━━━ Material shown
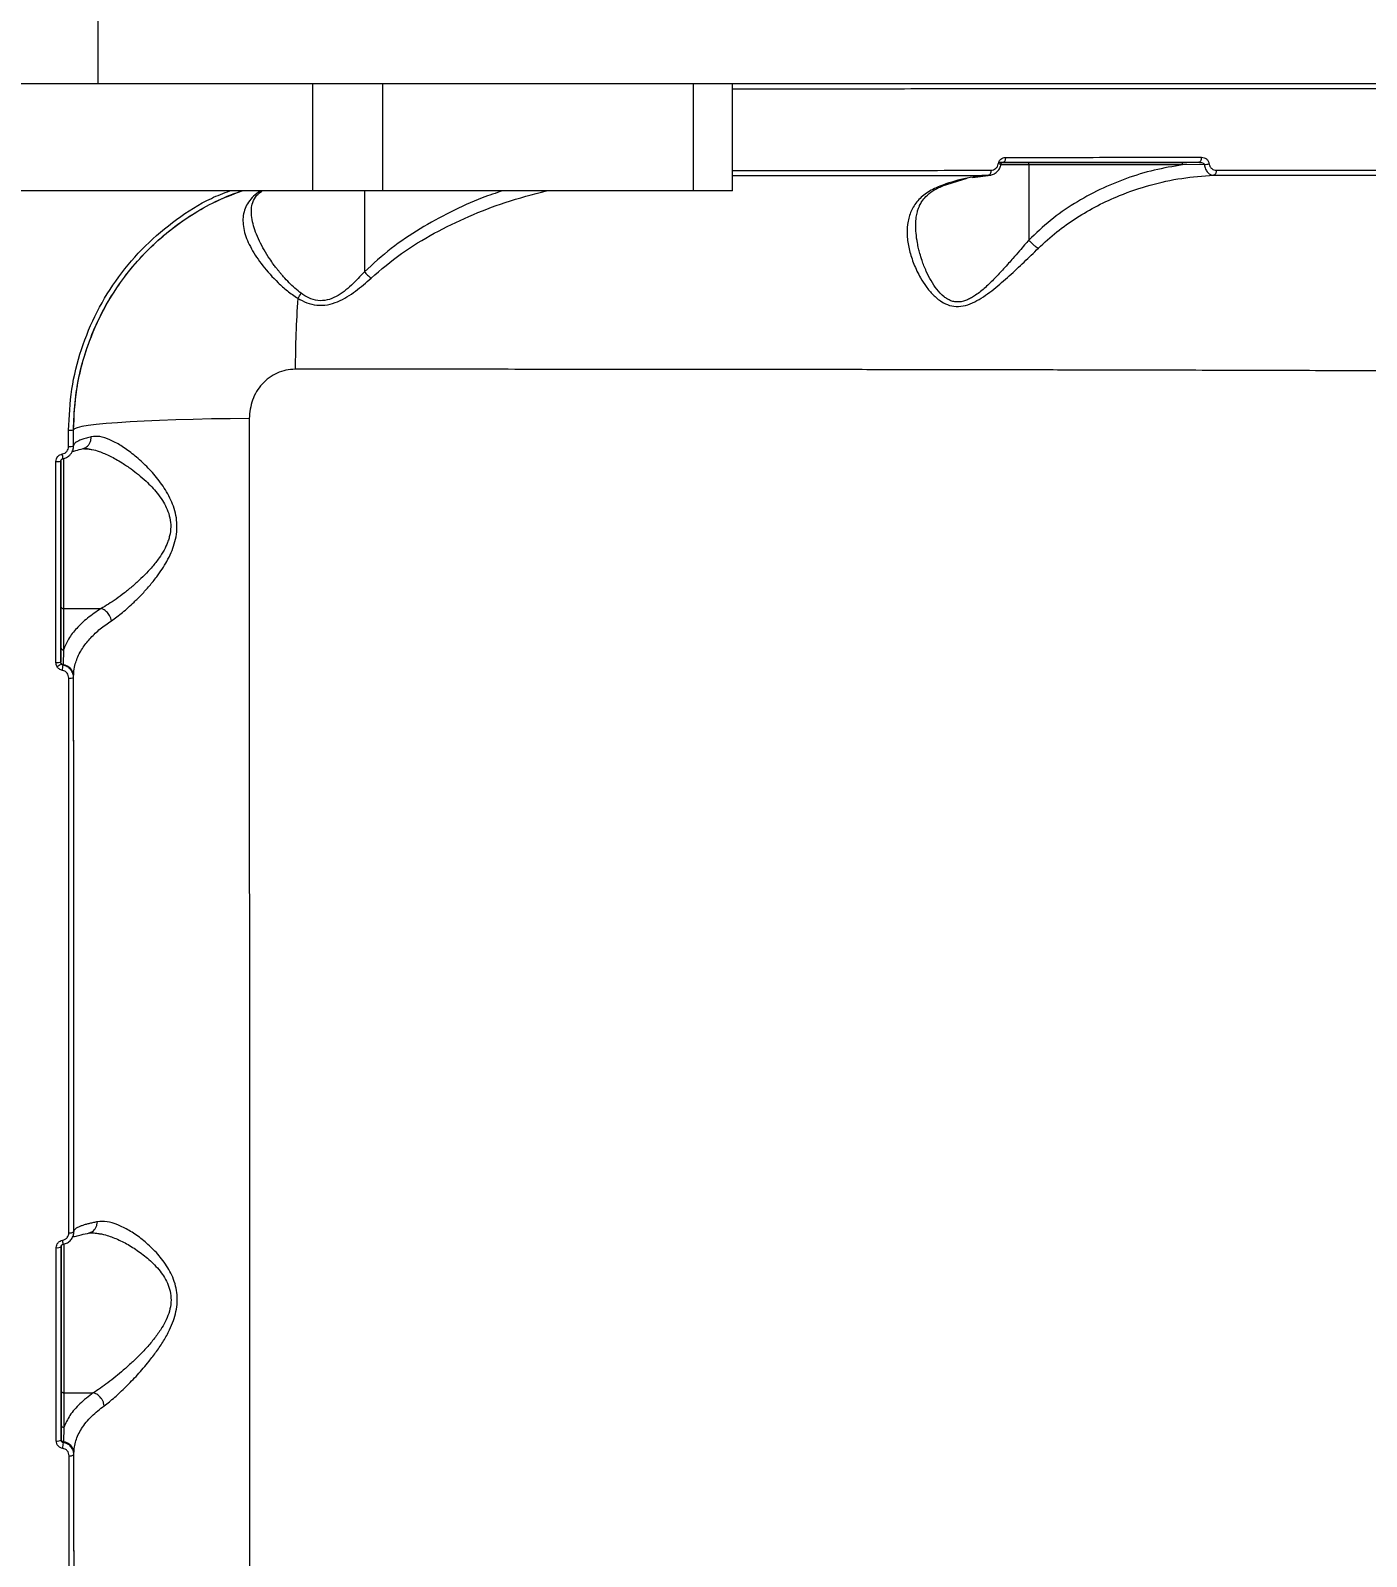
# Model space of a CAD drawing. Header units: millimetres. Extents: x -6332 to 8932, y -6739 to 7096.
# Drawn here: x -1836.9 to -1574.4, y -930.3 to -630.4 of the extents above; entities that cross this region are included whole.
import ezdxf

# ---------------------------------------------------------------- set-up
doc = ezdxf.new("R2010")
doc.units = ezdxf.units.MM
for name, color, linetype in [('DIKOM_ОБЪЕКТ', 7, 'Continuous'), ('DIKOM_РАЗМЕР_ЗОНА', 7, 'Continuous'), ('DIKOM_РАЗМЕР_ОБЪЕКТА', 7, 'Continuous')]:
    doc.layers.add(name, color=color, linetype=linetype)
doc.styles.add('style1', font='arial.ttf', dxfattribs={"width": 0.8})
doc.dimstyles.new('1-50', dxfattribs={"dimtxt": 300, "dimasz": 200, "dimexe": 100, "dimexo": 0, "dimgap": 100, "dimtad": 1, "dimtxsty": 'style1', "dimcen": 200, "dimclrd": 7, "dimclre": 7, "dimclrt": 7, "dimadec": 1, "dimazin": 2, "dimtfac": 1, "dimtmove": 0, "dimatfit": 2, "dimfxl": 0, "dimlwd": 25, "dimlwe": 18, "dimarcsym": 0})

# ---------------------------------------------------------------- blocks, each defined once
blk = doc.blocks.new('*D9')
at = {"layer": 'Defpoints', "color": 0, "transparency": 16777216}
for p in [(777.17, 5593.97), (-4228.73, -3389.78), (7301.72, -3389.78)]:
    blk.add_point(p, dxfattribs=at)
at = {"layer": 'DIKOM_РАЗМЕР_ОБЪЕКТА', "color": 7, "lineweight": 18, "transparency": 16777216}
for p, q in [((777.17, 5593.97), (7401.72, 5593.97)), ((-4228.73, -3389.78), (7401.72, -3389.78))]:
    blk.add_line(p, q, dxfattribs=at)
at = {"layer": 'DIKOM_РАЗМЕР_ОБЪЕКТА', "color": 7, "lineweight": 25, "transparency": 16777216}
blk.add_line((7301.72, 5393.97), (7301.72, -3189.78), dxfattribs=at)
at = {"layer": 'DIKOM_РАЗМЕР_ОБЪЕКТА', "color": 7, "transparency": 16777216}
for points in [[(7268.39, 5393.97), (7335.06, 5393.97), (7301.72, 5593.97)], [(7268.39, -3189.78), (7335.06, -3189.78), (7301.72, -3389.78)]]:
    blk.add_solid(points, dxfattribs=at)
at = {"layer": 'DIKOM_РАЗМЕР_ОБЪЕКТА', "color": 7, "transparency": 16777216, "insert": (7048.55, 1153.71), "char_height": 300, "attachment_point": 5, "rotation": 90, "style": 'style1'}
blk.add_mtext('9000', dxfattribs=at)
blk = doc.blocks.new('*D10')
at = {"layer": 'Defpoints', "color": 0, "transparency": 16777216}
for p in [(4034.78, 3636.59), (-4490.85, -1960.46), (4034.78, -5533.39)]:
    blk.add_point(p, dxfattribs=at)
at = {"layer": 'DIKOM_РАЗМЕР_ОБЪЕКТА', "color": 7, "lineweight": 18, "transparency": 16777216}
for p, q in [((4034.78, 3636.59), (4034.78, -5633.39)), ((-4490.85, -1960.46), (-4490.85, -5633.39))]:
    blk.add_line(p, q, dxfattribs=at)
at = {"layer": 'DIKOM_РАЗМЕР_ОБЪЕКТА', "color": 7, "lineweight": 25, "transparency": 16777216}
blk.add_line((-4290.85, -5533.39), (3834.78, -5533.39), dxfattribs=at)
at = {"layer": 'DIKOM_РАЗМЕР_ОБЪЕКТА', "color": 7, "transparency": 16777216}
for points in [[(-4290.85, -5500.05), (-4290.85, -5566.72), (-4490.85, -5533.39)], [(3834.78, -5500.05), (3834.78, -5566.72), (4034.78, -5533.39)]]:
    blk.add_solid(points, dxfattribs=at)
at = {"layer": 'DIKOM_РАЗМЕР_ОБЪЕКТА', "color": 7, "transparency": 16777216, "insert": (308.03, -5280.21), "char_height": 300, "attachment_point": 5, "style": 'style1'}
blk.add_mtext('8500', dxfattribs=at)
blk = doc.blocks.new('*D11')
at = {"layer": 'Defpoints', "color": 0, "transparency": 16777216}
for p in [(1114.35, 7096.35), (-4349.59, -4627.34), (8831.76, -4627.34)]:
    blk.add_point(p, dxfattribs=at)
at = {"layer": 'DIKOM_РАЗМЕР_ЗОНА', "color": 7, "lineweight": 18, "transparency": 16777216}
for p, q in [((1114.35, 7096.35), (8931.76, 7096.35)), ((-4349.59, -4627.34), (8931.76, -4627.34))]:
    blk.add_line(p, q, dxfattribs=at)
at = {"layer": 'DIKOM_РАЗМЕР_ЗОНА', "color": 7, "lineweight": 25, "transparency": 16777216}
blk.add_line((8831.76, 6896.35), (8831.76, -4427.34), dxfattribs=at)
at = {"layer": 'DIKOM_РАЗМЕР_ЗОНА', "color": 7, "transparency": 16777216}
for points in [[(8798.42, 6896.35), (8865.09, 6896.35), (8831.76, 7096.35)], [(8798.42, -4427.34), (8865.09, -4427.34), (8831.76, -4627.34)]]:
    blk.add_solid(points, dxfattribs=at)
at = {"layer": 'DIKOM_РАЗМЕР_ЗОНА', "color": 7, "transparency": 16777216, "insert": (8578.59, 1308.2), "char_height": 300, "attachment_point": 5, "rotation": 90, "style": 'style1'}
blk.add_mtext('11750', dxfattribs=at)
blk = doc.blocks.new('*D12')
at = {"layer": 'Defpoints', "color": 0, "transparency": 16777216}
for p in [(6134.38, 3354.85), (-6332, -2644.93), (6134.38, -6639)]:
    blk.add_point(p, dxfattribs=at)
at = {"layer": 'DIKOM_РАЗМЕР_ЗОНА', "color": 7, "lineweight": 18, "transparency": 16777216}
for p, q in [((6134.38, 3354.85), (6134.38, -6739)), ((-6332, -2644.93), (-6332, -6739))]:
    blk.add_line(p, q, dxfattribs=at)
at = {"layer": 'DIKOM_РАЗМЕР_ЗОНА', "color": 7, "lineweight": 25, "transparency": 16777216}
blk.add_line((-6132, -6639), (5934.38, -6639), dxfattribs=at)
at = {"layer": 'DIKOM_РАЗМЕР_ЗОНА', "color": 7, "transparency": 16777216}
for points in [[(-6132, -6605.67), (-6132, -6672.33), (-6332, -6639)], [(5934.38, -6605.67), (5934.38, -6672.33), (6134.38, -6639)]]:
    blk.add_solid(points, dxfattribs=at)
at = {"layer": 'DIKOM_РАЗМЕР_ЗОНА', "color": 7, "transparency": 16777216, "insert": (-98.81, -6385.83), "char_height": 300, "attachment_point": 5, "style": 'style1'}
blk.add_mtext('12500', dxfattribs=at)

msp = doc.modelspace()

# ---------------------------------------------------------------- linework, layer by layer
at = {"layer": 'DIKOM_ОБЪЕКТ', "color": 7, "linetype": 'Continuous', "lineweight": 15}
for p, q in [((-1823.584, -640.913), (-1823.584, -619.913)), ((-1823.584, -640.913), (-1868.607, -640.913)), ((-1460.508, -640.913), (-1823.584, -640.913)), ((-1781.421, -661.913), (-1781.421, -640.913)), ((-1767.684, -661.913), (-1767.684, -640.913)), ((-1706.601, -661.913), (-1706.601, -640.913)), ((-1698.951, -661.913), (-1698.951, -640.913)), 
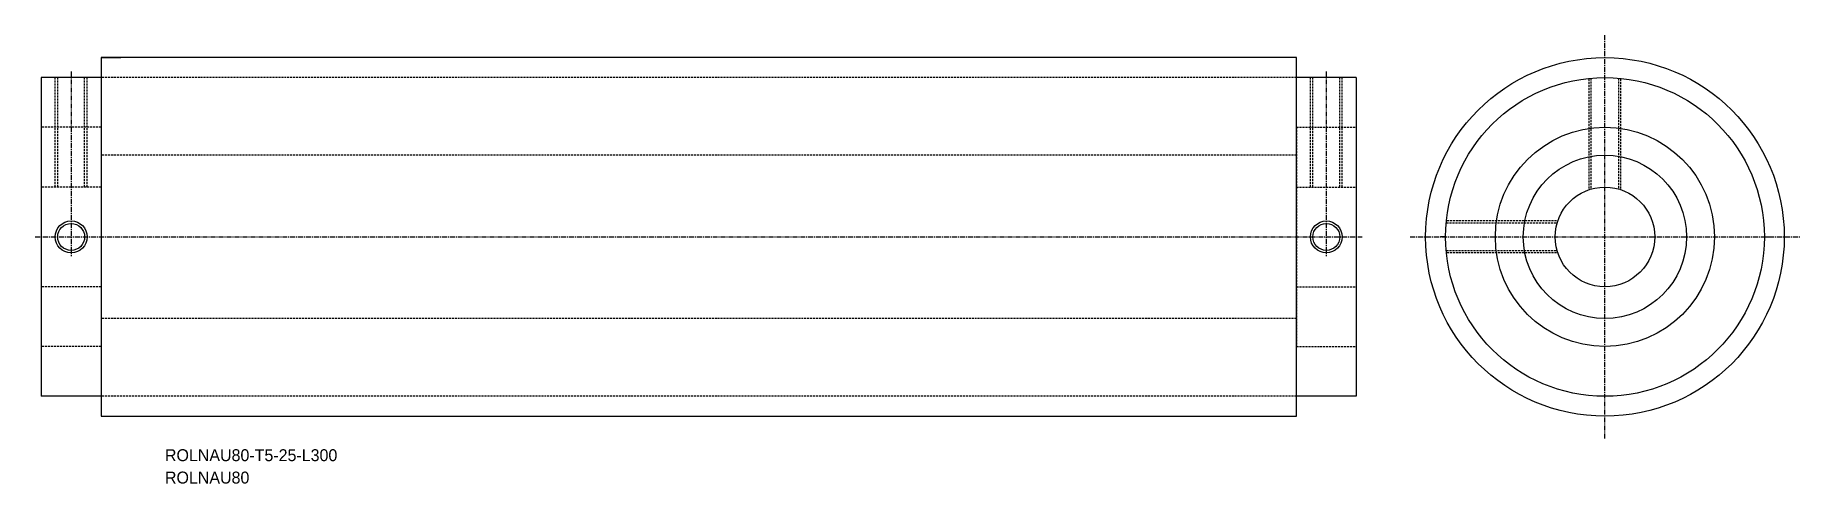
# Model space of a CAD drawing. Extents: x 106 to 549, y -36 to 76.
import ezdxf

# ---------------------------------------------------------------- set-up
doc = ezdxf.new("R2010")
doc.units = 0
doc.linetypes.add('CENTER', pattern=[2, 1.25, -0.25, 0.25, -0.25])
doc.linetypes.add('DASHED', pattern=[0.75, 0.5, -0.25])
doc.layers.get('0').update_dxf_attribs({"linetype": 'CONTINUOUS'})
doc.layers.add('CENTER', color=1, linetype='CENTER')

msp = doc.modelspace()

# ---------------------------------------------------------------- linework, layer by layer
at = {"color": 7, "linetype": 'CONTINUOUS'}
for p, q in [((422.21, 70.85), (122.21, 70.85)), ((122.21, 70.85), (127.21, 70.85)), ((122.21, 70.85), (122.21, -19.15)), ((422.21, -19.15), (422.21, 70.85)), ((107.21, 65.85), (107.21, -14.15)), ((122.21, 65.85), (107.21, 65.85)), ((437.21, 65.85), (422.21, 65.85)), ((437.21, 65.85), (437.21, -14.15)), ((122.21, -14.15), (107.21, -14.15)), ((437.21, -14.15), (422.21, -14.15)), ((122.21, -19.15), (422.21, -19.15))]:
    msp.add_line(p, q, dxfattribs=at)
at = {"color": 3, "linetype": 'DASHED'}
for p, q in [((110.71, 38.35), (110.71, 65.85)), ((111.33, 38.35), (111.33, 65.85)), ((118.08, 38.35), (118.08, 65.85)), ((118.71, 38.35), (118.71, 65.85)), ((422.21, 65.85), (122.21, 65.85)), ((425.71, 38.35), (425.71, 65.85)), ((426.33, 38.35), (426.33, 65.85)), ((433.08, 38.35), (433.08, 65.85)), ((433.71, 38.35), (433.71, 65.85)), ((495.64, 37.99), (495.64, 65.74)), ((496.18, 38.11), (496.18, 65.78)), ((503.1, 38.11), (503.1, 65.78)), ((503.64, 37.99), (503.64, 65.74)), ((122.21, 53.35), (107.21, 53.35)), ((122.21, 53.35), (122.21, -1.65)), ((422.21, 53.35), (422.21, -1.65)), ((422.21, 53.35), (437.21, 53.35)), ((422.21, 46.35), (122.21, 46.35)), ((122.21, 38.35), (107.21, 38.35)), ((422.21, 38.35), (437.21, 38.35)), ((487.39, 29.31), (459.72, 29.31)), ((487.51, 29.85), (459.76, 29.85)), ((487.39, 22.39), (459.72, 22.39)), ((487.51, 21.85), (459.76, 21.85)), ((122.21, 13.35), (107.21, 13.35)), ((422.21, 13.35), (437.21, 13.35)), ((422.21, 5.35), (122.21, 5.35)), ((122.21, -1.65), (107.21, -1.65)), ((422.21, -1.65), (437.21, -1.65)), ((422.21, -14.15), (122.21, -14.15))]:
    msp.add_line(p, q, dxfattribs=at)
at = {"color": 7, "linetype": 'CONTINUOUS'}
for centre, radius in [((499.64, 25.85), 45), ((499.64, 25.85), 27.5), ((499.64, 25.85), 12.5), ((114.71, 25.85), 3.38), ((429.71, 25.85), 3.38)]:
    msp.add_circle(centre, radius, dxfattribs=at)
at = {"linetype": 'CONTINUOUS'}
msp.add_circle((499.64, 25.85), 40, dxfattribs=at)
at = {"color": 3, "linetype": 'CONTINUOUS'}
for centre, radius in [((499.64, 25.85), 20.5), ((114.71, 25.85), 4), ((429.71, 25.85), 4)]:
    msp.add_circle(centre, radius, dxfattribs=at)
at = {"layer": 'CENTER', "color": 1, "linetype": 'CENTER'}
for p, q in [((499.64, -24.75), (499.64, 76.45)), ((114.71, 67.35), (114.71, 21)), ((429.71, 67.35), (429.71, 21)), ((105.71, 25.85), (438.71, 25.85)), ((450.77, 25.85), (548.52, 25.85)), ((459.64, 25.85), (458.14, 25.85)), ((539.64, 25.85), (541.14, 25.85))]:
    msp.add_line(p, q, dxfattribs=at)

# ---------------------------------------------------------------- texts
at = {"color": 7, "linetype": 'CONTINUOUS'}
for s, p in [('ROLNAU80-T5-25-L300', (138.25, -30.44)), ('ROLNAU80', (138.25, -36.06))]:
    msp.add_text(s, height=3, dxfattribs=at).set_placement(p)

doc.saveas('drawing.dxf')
━━━━━━
→ **What is needed**
Copy all lines from the entries that contain the word "layers".

→ **Task solution**
    doc.layers.add(name, color=color, linetype=linetype)
doc.layers.get('0').update_dxf_attribs({"linetype": 'CONTINUOUS'})
doc.layers.add('CENTER', color=1, linetype='CENTER')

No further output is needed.